As you can see, the folder is mounted for uid and gid 1000. This way, the mayan container will be able to access it. With the options noauto,-systemd.automount, I will get the folder mounted only when it is accessed. As the Nextcloud is hosted on the same server, it will be impossible to mount it before the Nextcloud application has started and accepts incoming connections. This option ensures the mount process starts much later than that as no one will access the server.

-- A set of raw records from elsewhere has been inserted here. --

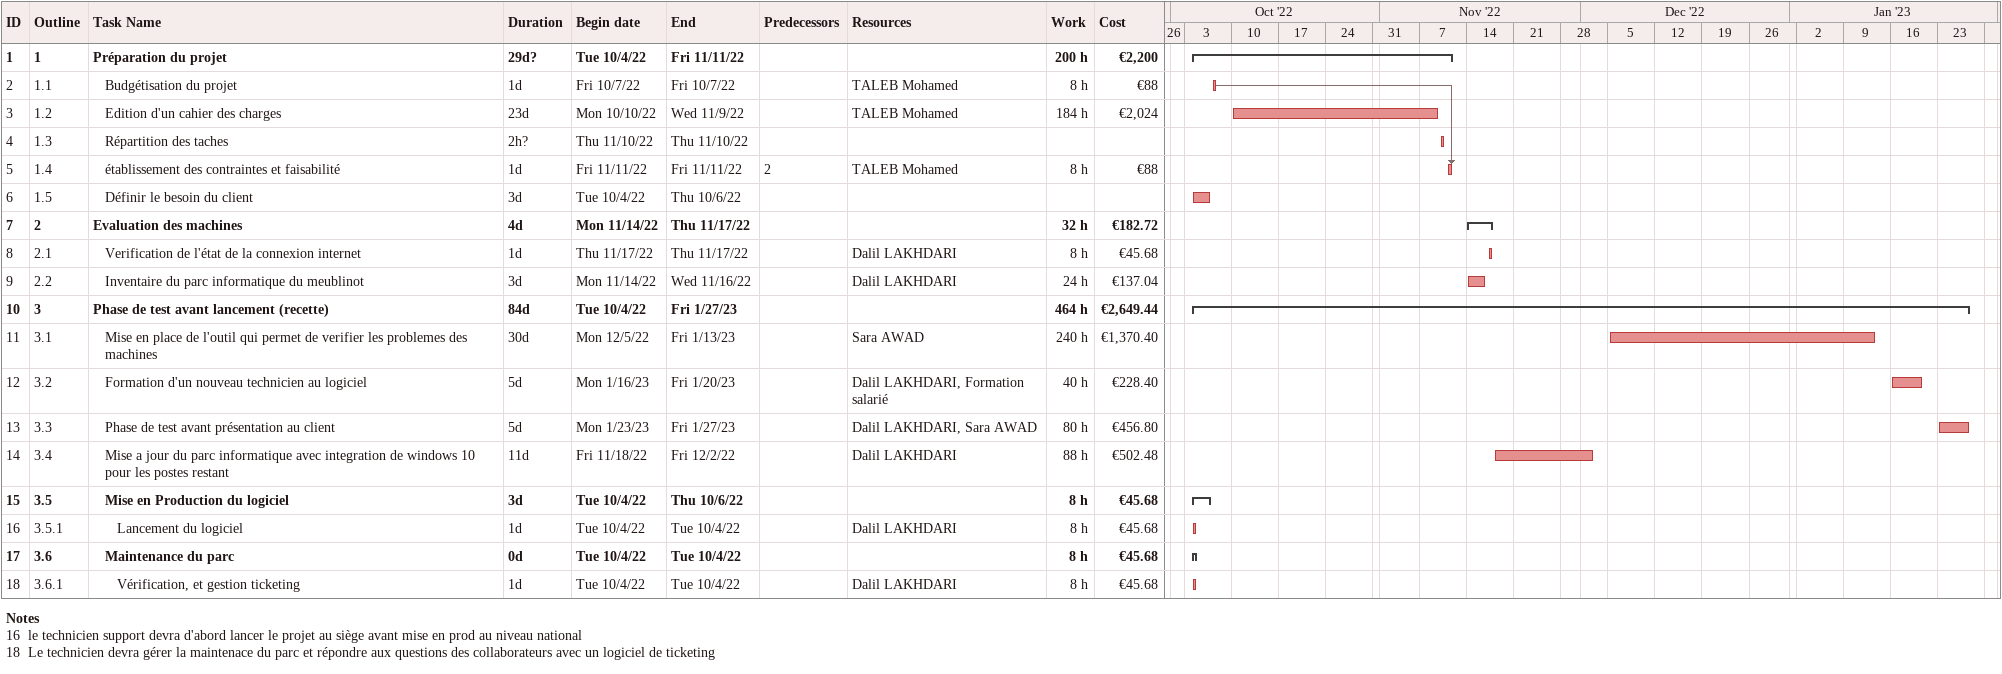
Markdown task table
| ID | WBS | Task | Duration | Start | Finish | Predecessors | Resources | Work (h) | Cost (€) |
|---|---|---|---|---|---|---|---|---|---|
| 1 | 1 | **Préparation du projet** | 29d? | 2022-10-04 | 2022-11-11 |  |  | 200 | 2200 |
| 2 | 1.1 | Budgétisation du projet | 1d | 2022-10-07 | 2022-10-07 |  | TALEB Mohamed | 8 | 88 |
| 3 | 1.2 | Edition d'un cahier des charges | 23d | 2022-10-10 | 2022-11-09 |  | TALEB Mohamed | 184 | 2024 |
| 4 | 1.3 | Répartition des taches | 2h? | 2022-11-10 | 2022-11-10 |  |  |  |  |
| 5 | 1.4 | établissement des contraintes et faisabilité | 1d | 2022-11-11 | 2022-11-11 | 2 | TALEB Mohamed | 8 | 88 |
| 6 | 1.5 | Définir le besoin du client | 3d | 2022-10-04 | 2022-10-06 |  |  |  |  |
| 7 | 2 | **Evaluation des machines** | 4d | 2022-11-14 | 2022-11-17 |  |  | 32 | 182.72 |
| 8 | 2.1 | Verification de l'état de la connexion internet | 1d | 2022-11-17 | 2022-11-17 |  | Dalil LAKHDARI | 8 | 45.68 |
| 9 | 2.2 | Inventaire du parc informatique du meublinot | 3d | 2022-11-14 | 2022-11-16 |  | Dalil LAKHDARI | 24 | 137.04 |
| 10 | 3 | **Phase de test avant lancement (recette)** | 84d | 2022-10-04 | 2023-01-27 |  |  | 464 | 2649.44 |
| 11 | 3.1 | Mise en place de l'outil qui permet de verifier les problemes des machines | 30d | 2022-12-05 | 2023-01-13 |  | Sara AWAD | 240 | 1370.40 |
| 12 | 3.2 | Formation d'un nouveau technicien au logiciel | 5d | 2023-01-16 | 2023-01-20 |  | Dalil LAKHDARI, Formation salarié | 40 | 228.40 |
| 13 | 3.3 | Phase de test avant présentation au client | 5d | 2023-01-23 | 2023-01-27 |  | Dalil LAKHDARI, Sara AWAD | 80 | 456.80 |
| 14 | 3.4 | Mise a jour du parc informatique avec integration de windows 10 pour les postes restant | 11d | 2022-11-18 | 2022-12-02 |  | Dalil LAKHDARI | 88 | 502.48 |
| 15 | 3.5 | **Mise en Production du logiciel** | 3d | 2022-10-04 | 2022-10-06 |  |  | 8 | 45.68 |
| 16 | 3.5.1 | Lancement du logiciel | 1d | 2022-10-04 | 2022-10-04 |  | Dalil LAKHDARI | 8 | 45.68 |
| 17 | 3.6 | **Maintenance du parc** | 0d | 2022-10-04 | 2022-10-04 |  |  | 8 | 45.68 |
| 18 | 3.6.1 | Vérification, et gestion ticketing | 1d | 2022-10-04 | 2022-10-04 |  | Dalil LAKHDARI | 8 | 45.68 |

Notes
- 16: le technicien support devra d'abord lancer le projet au siège avant mise en prod au niveau national
- 18: Le technicien devra gérer la maintenace du parc et répondre aux questions des collaborateurs avec un logiciel de ticketing
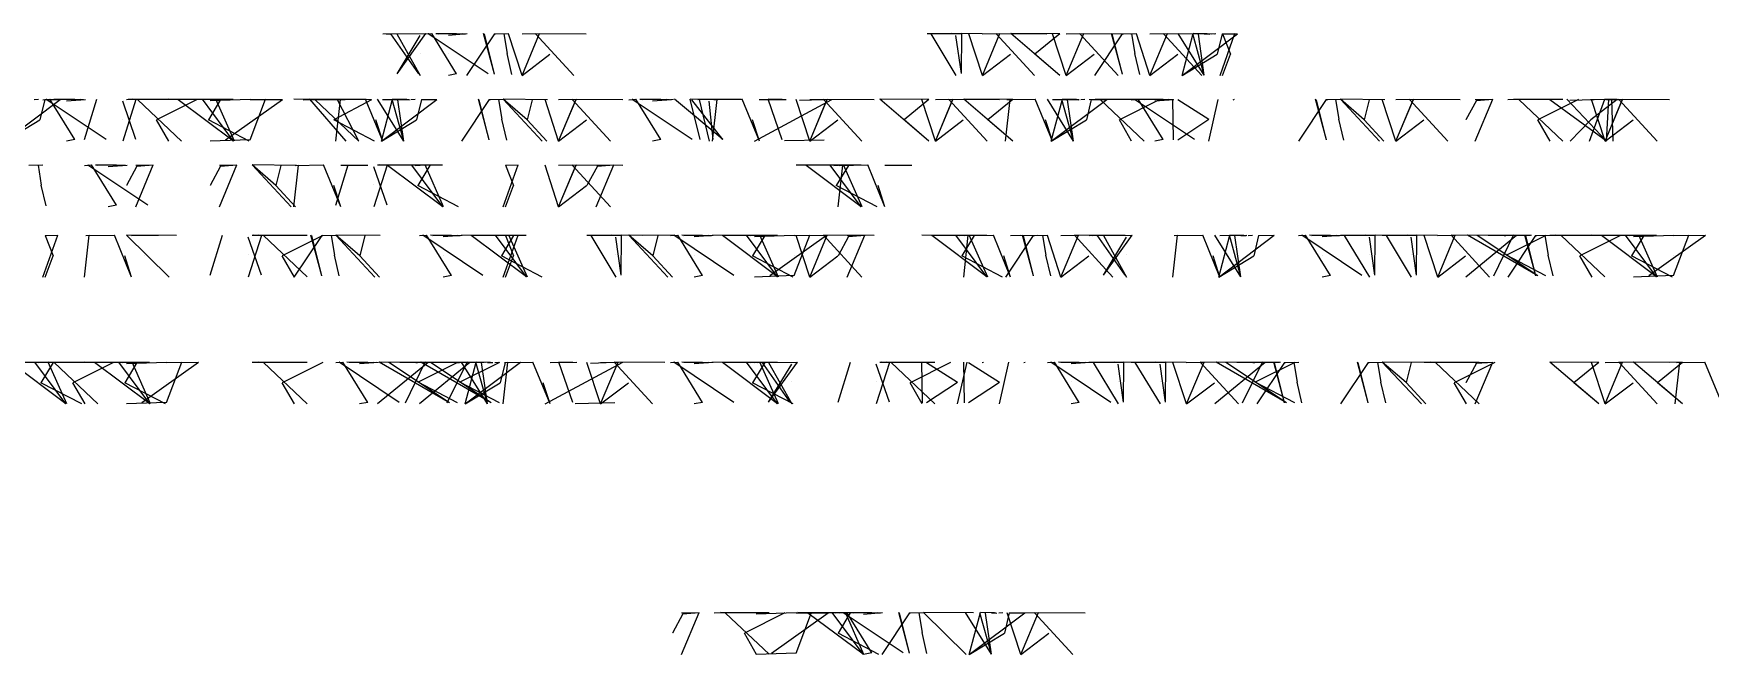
# Model space of a CAD drawing. Header units: metres. Extents: x -978944 to 1068394069015, y -937984 to 996528.
# Drawn here: x -188.98 to -165.18, y 29.94 to 38.75 of the extents above; entities that cross this region are included whole.
import ezdxf

# ---------------------------------------------------------------- set-up
doc = ezdxf.new("R2010")
doc.units = ezdxf.units.M

msp = doc.modelspace()

# ---------------------------------------------------------------- linework, layer by layer
at = {"layer": 'MCD_Layer_0'}
for p, q in [((-184.021729, 38.741903), (-183.410678, 38.745199)), ((-183.974512, 38.739038), (-183.909901, 38.743198)), ((-183.51367, 38.176378), (-183.909901, 38.743198)), ((-183.821266, 38.741869), (-183.491305, 38.151199)), ((-183.82099, 38.176378), (-183.410678, 38.745199)), ((-183.82099, 38.176378), (-183.491305, 38.71669)), ((-183.427734, 38.739513), (-183.327873, 38.745199)), ((-183.370592, 38.73986), (-183.381133, 38.743206)), ((-182.528985, 38.173789), (-183.381133, 38.743206)), ((-182.975031, 38.173789), (-183.327873, 38.745199)), ((-182.975031, 38.741888), (-183.271285, 38.743535)), ((-182.975031, 38.741888), (-183.239108, 38.737606)), ((-182.823575, 38.739426), (-183.092645, 38.719281)), ((-182.975031, 38.741888), (-182.893478, 38.744766)), ((-182.975031, 38.741888), (-182.84854, 38.742321)), ((-182.439455, 38.741804), (-182.83374, 38.151199)), ((-182.438335, 38.168299), (-182.591793, 38.745164)), ((-182.438335, 38.168299), (-182.580591, 38.739371)), ((-182.439455, 38.741804), (-182.237552, 38.745199)), ((-182.439455, 38.741804), (-182.423774, 38.739336)), ((-182.30728, 38.740701), (-182.260235, 38.46067)), ((-182.047134, 38.151199), (-182.239746, 38.740586)), ((-182.047134, 38.151199), (-181.798585, 38.745199)), ((-182.047134, 38.741721), (-181.798585, 38.745199)), ((-182.047134, 38.151199), (-181.798585, 38.744046)), ((-181.310135, 38.151199), (-181.853946, 38.743127)), ((-181.135978, 38.738387), (-181.853946, 38.743127)), ((-175.812118, 38.741886), (-176.299744, 38.738987)), ((-176.246177, 38.739867), (-175.888879, 38.151199)), ((-175.812118, 38.741886), (-175.946864, 38.744526)), ((-175.812118, 38.176395), (-175.888879, 38.71669)), ((-175.812118, 38.176395), (-175.808253, 38.745199)), ((-175.516671, 38.739936), (-175.808253, 38.745199)), ((-175.513123, 38.151199), (-175.705734, 38.740586)), ((-175.513123, 38.151199), (-175.264573, 38.745199)), ((-175.513123, 38.741721), (-175.264573, 38.745199)), ((-175.513123, 38.151199), (-175.264573, 38.744046)), ((-174.776124, 38.151199), (-175.319934, 38.743127)), ((-174.601966, 38.738387), (-175.319934, 38.743127)), ((-174.416205, 38.151199), (-175.111725, 38.745199)), ((-174.416205, 38.741757), (-175.111725, 38.745199)), ((-174.416205, 38.741757), (-174.770309, 38.452245)), ((-174.325119, 38.151199), (-174.517731, 38.740586)), ((-174.325119, 38.151199), (-174.076569, 38.745199)), ((-174.325119, 38.741721), (-174.076569, 38.745199)), ((-174.325119, 38.151199), (-174.076569, 38.744046)), ((-173.58812, 38.151199), (-174.131931, 38.743127)), ((-173.413962, 38.738387), (-174.131931, 38.743127)), ((-173.529452, 38.741804), (-173.923737, 38.151199)), ((-173.528332, 38.168299), (-173.681789, 38.745164)), ((-173.528332, 38.168299), (-173.670588, 38.739371)), ((-173.529452, 38.741804), (-173.327549, 38.745199)), ((-173.529452, 38.741804), (-173.51377, 38.739336)), ((-173.397277, 38.740701), (-173.350231, 38.46067)), ((-173.137131, 38.151199), (-173.329742, 38.740586)), ((-173.137131, 38.151199), (-172.888581, 38.745199)), ((-173.137131, 38.741721), (-172.888581, 38.745199)), ((-173.137131, 38.151199), (-172.888581, 38.744046)), ((-172.400132, 38.151199), (-172.943942, 38.743127)), ((-172.225974, 38.738387), (-172.943942, 38.743127)), ((-172.365914, 38.152799), (-172.735733, 38.744391)), ((-172.679944, 38.151199), (-172.523504, 38.745199)), ((-172.679944, 38.151199), (-171.894294, 38.742899)), ((-172.365914, 38.152799), (-172.529256, 38.743366)), ((-172.323353, 38.739718), (-172.523504, 38.745199)), ((-172.365914, 38.152799), (-172.449885, 38.738747)), ((-172.367064, 38.741749), (-172.288845, 38.738711)), ((-172.367064, 38.741749), (-172.301498, 38.741749)), ((-172.262388, 38.741731), (-172.203148, 38.744516)), ((-172.114, 38.7397), (-172.183018, 38.453043)), ((-172.141724, 38.151199), (-171.930088, 38.745199)), ((-172.114, 38.7397), (-171.894294, 38.742899)), ((-172.10943, 38.741721), (-171.930088, 38.745199)), ((-172.10943, 38.741721), (-171.994098, 38.452254)), ((-183.491305, 38.464663), (-183.491288, 38.464663)), ((-183.092645, 38.463387), (-183.092628, 38.463387)), ((-182.190787, 38.166304), (-182.260235, 38.46067)), ((-182.260235, 38.46067), (-182.260218, 38.46067)), ((-182.047134, 38.151199), (-181.651531, 38.452263)), ((-181.651531, 38.452263), (-181.651513, 38.452263)), ((-175.888879, 38.464663), (-175.888862, 38.464663)), ((-175.513123, 38.151199), (-175.117519, 38.452263)), ((-175.117519, 38.452263), (-175.117501, 38.452263)), ((-174.416205, 38.151199), (-174.770309, 38.452245)), ((-174.770309, 38.452245), (-174.770291, 38.452245)), ((-174.325119, 38.151199), (-173.929516, 38.452263)), ((-173.929516, 38.452263), (-173.929497, 38.452263)), ((-173.280783, 38.166304), (-173.350231, 38.46067)), ((-173.350231, 38.46067), (-173.350214, 38.46067)), ((-173.137131, 38.151199), (-172.741527, 38.452263)), ((-172.741527, 38.452263), (-172.741509, 38.452263)), ((-172.679944, 38.151199), (-172.183018, 38.453043)), ((-172.183018, 38.453043), (-172.183, 38.453043)), ((-172.10943, 38.151217), (-171.994098, 38.452254)), ((-171.994098, 38.452254), (-171.99408, 38.452254)), ((-182.975031, 38.173789), (-183.092645, 38.151199)), ((-189.386197, 37.219318), (-188.600547, 37.811018)), ((-188.968641, 37.80985), (-188.909401, 37.812635)), ((-188.820253, 37.807819), (-188.889271, 37.521162)), ((-188.847992, 37.807632), (-188.748131, 37.813318)), ((-188.820253, 37.807819), (-188.600547, 37.811018)), ((-188.790849, 37.807979), (-188.80139, 37.811325)), ((-187.949242, 37.241908), (-188.80139, 37.811325)), ((-188.395288, 37.241908), (-188.748131, 37.813318)), ((-188.395288, 37.810007), (-188.691543, 37.811654)), ((-188.395288, 37.810007), (-188.659365, 37.805725)), ((-188.243832, 37.807545), (-188.512903, 37.7874)), ((-188.395288, 37.810007), (-188.313735, 37.812885)), ((-188.395288, 37.810007), (-188.268798, 37.81044)), ((-188.253983, 37.244497), (-188.079476, 37.813301)), ((-187.526134, 37.810005), (-187.713895, 37.219318)), ((-187.526134, 37.244514), (-187.713895, 37.784809)), ((-186.878979, 37.809888), (-187.659988, 37.806907)), ((-187.526134, 37.810005), (-187.633268, 37.813318)), ((-186.878979, 37.809888), (-187.572635, 37.813318)), ((-186.879554, 37.221402), (-187.499074, 37.806871)), ((-186.656573, 37.80829), (-187.232416, 37.521392)), ((-186.14402, 37.809868), (-187.065979, 37.812617)), ((-186.14402, 37.809868), (-186.925068, 37.806884)), ((-186.14287, 37.220918), (-186.925068, 37.806884)), ((-186.14287, 37.220918), (-186.582281, 37.81251)), ((-186.533969, 37.807801), (-186.393058, 37.813318)), ((-186.324616, 37.807783), (-186.49716, 37.521144)), ((-185.905106, 37.809957), (-186.471985, 37.790099)), ((-186.129066, 37.219354), (-186.393058, 37.813318)), ((-186.252925, 37.239176), (-185.448035, 37.811298)), ((-185.905106, 37.239176), (-185.686883, 37.813318)), ((-185.905106, 37.809957), (-185.686883, 37.813318)), ((-185.905106, 37.809957), (-185.448035, 37.811298)), ((-184.258168, 37.80987), (-185.283997, 37.812636)), ((-185.152392, 37.807338), (-184.557009, 37.810804)), ((-185.152392, 37.807338), (-184.70413, 37.810104)), ((-184.542067, 37.219318), (-185.055843, 37.813318)), ((-184.183458, 37.807374), (-185.055843, 37.813318)), ((-184.362762, 37.221402), (-184.982282, 37.806871)), ((-184.362762, 37.809888), (-184.821368, 37.806835)), ((-184.183458, 37.807374), (-184.715624, 37.521392)), ((-184.689987, 37.219318), (-184.624241, 37.811012)), ((-184.672686, 37.807804), (-184.268407, 37.813318)), ((-184.672686, 37.807804), (-184.624241, 37.811012)), ((-184.362762, 37.221402), (-184.670798, 37.812762)), ((-184.362762, 37.809888), (-184.557009, 37.810804)), ((-184.024456, 37.219318), (-184.268407, 37.813318)), ((-183.726159, 37.220918), (-184.095978, 37.81251)), ((-184.040189, 37.219318), (-183.883749, 37.813318)), ((-184.040189, 37.219318), (-183.254539, 37.811018)), ((-184.02561, 37.809876), (-183.882007, 37.81276)), ((-184.02561, 37.809876), (-183.643247, 37.81148)), ((-183.726159, 37.220918), (-183.8895, 37.811485)), ((-183.683598, 37.807837), (-183.883749, 37.813318)), ((-183.726159, 37.220918), (-183.81013, 37.806866)), ((-183.727309, 37.809868), (-183.649089, 37.80683)), ((-183.727309, 37.809868), (-183.661743, 37.809868)), ((-183.622633, 37.80985), (-183.563393, 37.812635)), ((-183.474245, 37.807819), (-183.543262, 37.521162)), ((-183.474245, 37.807819), (-183.254539, 37.811018)), ((-182.513705, 37.809923), (-182.90799, 37.219318)), ((-182.512585, 37.236418), (-182.666042, 37.813283)), ((-182.512585, 37.236418), (-182.654841, 37.80749)), ((-182.513705, 37.809923), (-182.311802, 37.813318)), ((-182.513705, 37.809923), (-182.498023, 37.807455)), ((-182.38153, 37.80882), (-182.334484, 37.528789)), ((-181.974567, 37.52207), (-182.313995, 37.813318)), ((-181.758984, 37.219318), (-182.313995, 37.813318)), ((-181.6833, 37.806241), (-182.313995, 37.813318)), ((-181.90347, 37.806546), (-181.974567, 37.52207)), ((-181.527374, 37.219318), (-181.719986, 37.808705)), ((-181.527374, 37.219318), (-181.278825, 37.813318)), ((-181.527374, 37.80984), (-181.278825, 37.813318)), ((-181.527374, 37.219318), (-181.278825, 37.812165)), ((-180.790375, 37.219318), (-181.334186, 37.811246)), ((-180.616217, 37.806506), (-181.334186, 37.811246)), ((-180.531982, 37.807632), (-180.432121, 37.813318)), ((-180.47484, 37.807979), (-180.485381, 37.811325)), ((-179.633233, 37.241908), (-180.485381, 37.811325)), ((-180.079279, 37.241908), (-180.432121, 37.813318)), ((-180.079279, 37.810007), (-180.375533, 37.811654)), ((-180.079279, 37.810007), (-180.343356, 37.805725)), ((-179.927823, 37.807545), (-180.196893, 37.7874)), ((-180.079279, 37.810007), (-179.997726, 37.812885)), ((-180.079279, 37.810007), (-179.952788, 37.81044)), ((-179.937988, 37.809998), (-179.896762, 37.812782)), ((-179.199228, 37.243356), (-179.88182, 37.812661)), ((-179.518804, 37.241332), (-179.662129, 37.813318)), ((-178.930563, 37.808009), (-179.662129, 37.813318)), ((-179.199228, 37.243356), (-179.635567, 37.806643)), ((-179.199505, 37.810015), (-179.551453, 37.806661)), ((-179.533192, 37.808009), (-179.39208, 37.219318)), ((-179.332869, 37.241851), (-179.39208, 37.785943)), ((-179.343994, 37.219318), (-179.278248, 37.811012)), ((-179.326693, 37.807804), (-178.922414, 37.813318)), ((-179.326693, 37.807804), (-179.278248, 37.811012)), ((-178.678463, 37.219318), (-178.922414, 37.813318)), ((-178.749985, 37.219318), (-177.648702, 37.810895)), ((-178.679617, 37.809876), (-178.536014, 37.81276)), ((-178.679617, 37.809876), (-178.297254, 37.81148)), ((-178.356112, 37.23867), (-178.555001, 37.813318)), ((-178.357227, 37.809954), (-178.555001, 37.813318)), ((-177.963379, 37.219318), (-178.155991, 37.808705)), ((-177.768092, 37.806571), (-178.107291, 37.795832)), ((-177.963379, 37.219318), (-177.714829, 37.813318)), ((-177.963379, 37.80984), (-177.714829, 37.813318)), ((-177.963379, 37.219318), (-177.714829, 37.812165)), ((-177.22638, 37.219318), (-177.770191, 37.811246)), ((-177.052222, 37.806506), (-177.770191, 37.811246)), ((-176.272467, 37.219318), (-176.967987, 37.813318)), ((-176.272467, 37.809876), (-176.967987, 37.813318)), ((-176.272467, 37.809876), (-176.626571, 37.520364)), ((-176.181381, 37.219318), (-176.373993, 37.808705)), ((-176.181381, 37.219318), (-175.932832, 37.813318)), ((-176.181381, 37.80984), (-175.932832, 37.813318)), ((-176.181381, 37.219318), (-175.932832, 37.812165)), ((-175.444382, 37.219318), (-175.988193, 37.811246)), ((-175.270224, 37.806506), (-175.988193, 37.811246)), ((-175.084463, 37.219318), (-175.779984, 37.813318)), ((-175.084463, 37.809876), (-175.779984, 37.813318)), ((-175.084463, 37.809876), (-175.438567, 37.520364)), ((-175.185989, 37.219318), (-175.120244, 37.811012)), ((-175.168688, 37.807804), (-174.76441, 37.813318)), ((-175.168688, 37.807804), (-175.120244, 37.811012)), ((-174.520458, 37.219318), (-174.76441, 37.813318)), ((-174.222161, 37.220918), (-174.59198, 37.81251)), ((-174.536191, 37.219318), (-174.379751, 37.813318)), ((-174.536191, 37.219318), (-173.750541, 37.811018)), ((-174.521612, 37.809876), (-174.378009, 37.81276)), ((-174.521612, 37.809876), (-174.139249, 37.81148)), ((-174.222161, 37.220918), (-174.385503, 37.811485)), ((-174.1796, 37.807837), (-174.379751, 37.813318)), ((-174.222161, 37.220918), (-174.306132, 37.806866)), ((-174.223311, 37.809868), (-174.145092, 37.80683)), ((-174.223311, 37.809868), (-174.157745, 37.809868)), ((-174.118635, 37.80985), (-174.059395, 37.812635)), ((-173.970247, 37.807819), (-174.039265, 37.521162)), ((-173.216977, 37.809888), (-173.997986, 37.806907)), ((-173.970247, 37.807819), (-173.750541, 37.811018)), ((-173.216977, 37.809888), (-173.910632, 37.813318)), ((-173.217551, 37.221402), (-173.837072, 37.806871)), ((-172.99457, 37.80829), (-173.570414, 37.521392)), ((-173.403992, 37.807632), (-173.304131, 37.813318)), ((-173.346849, 37.807979), (-173.35739, 37.811325)), ((-172.505242, 37.241908), (-173.35739, 37.811325)), ((-172.951288, 37.241908), (-173.304131, 37.813318)), ((-172.951288, 37.810007), (-173.247543, 37.811654)), ((-172.951288, 37.810007), (-173.215365, 37.805725)), ((-172.799832, 37.807545), (-173.068902, 37.7874)), ((-172.951288, 37.810007), (-172.869735, 37.812885)), ((-172.951288, 37.810007), (-172.824797, 37.81044)), ((-172.800533, 37.237029), (-172.809998, 37.813318)), ((-172.741521, 37.809978), (-172.301715, 37.530506)), ((-172.301715, 37.219318), (-172.168659, 37.81144)), ((-171.954323, 37.80709), (-171.935395, 37.813318)), ((-170.6337, 37.809923), (-171.027985, 37.219318)), ((-170.63258, 37.236418), (-170.786037, 37.813283)), ((-170.63258, 37.236418), (-170.774836, 37.80749)), ((-170.6337, 37.809923), (-170.431797, 37.813318)), ((-170.6337, 37.809923), (-170.618018, 37.807455)), ((-170.501525, 37.80882), (-170.454479, 37.528789)), ((-170.094562, 37.52207), (-170.43399, 37.813318)), ((-169.878979, 37.219318), (-170.43399, 37.813318)), ((-169.803295, 37.806241), (-170.43399, 37.813318)), ((-170.023465, 37.806546), (-170.094562, 37.52207)), ((-169.647385, 37.219318), (-169.839996, 37.808705)), ((-169.647385, 37.219318), (-169.398835, 37.813318)), ((-169.647385, 37.80984), (-169.398835, 37.813318)), ((-169.647385, 37.219318), (-169.398835, 37.812165)), ((-168.910386, 37.219318), (-169.454196, 37.811246)), ((-168.736228, 37.806506), (-169.454196, 37.811246)), ((-168.504356, 37.796235), (-168.651978, 37.520382)), ((-168.521655, 37.219318), (-168.272544, 37.813318)), ((-168.521655, 37.809804), (-168.272544, 37.813318)), ((-168.504356, 37.796235), (-168.272544, 37.813318)), ((-167.276974, 37.809888), (-168.057983, 37.806907)), ((-167.276974, 37.809888), (-167.97063, 37.813318)), ((-167.277549, 37.221402), (-167.897069, 37.806871)), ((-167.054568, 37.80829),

THe mounted folder can easily be bound to the Docker container:

 1
 2
 3
 4
 5
 6
 7
 8
 9
10
11
12
13
14
15
16
17
18
19
20
21
22
23
24
25
26
27
28
29
30
31
32
33
34
35
36
version: "3.7"

services:
  app:
    image: mayanedms/mayanedms:3.3.7
    env_file:
      - .env
    depends_on:
      - postgresql
      - redis
    ports:
      - "8089:8000"
    restart: always
    volumes:
      - /mnt/data/mayan/media:/var/lib/mayan
      - ./watch:/scanned_files:rshared

  postgresql:
    image: postgres:9.6-alpine
    env_file:
      - .env
    restart: always
    volumes:
      - /mnt/data/mayan/postgres:/var/lib/postgresql/data

  redis:
    image: redis:5-alpine
    command:
      - redis-server
      - --databases
      - "2"
      - --maxmemory-policy
      - allkeys-lru
      - --save
      - ""
    restart: always

I am happy enough with my setup now!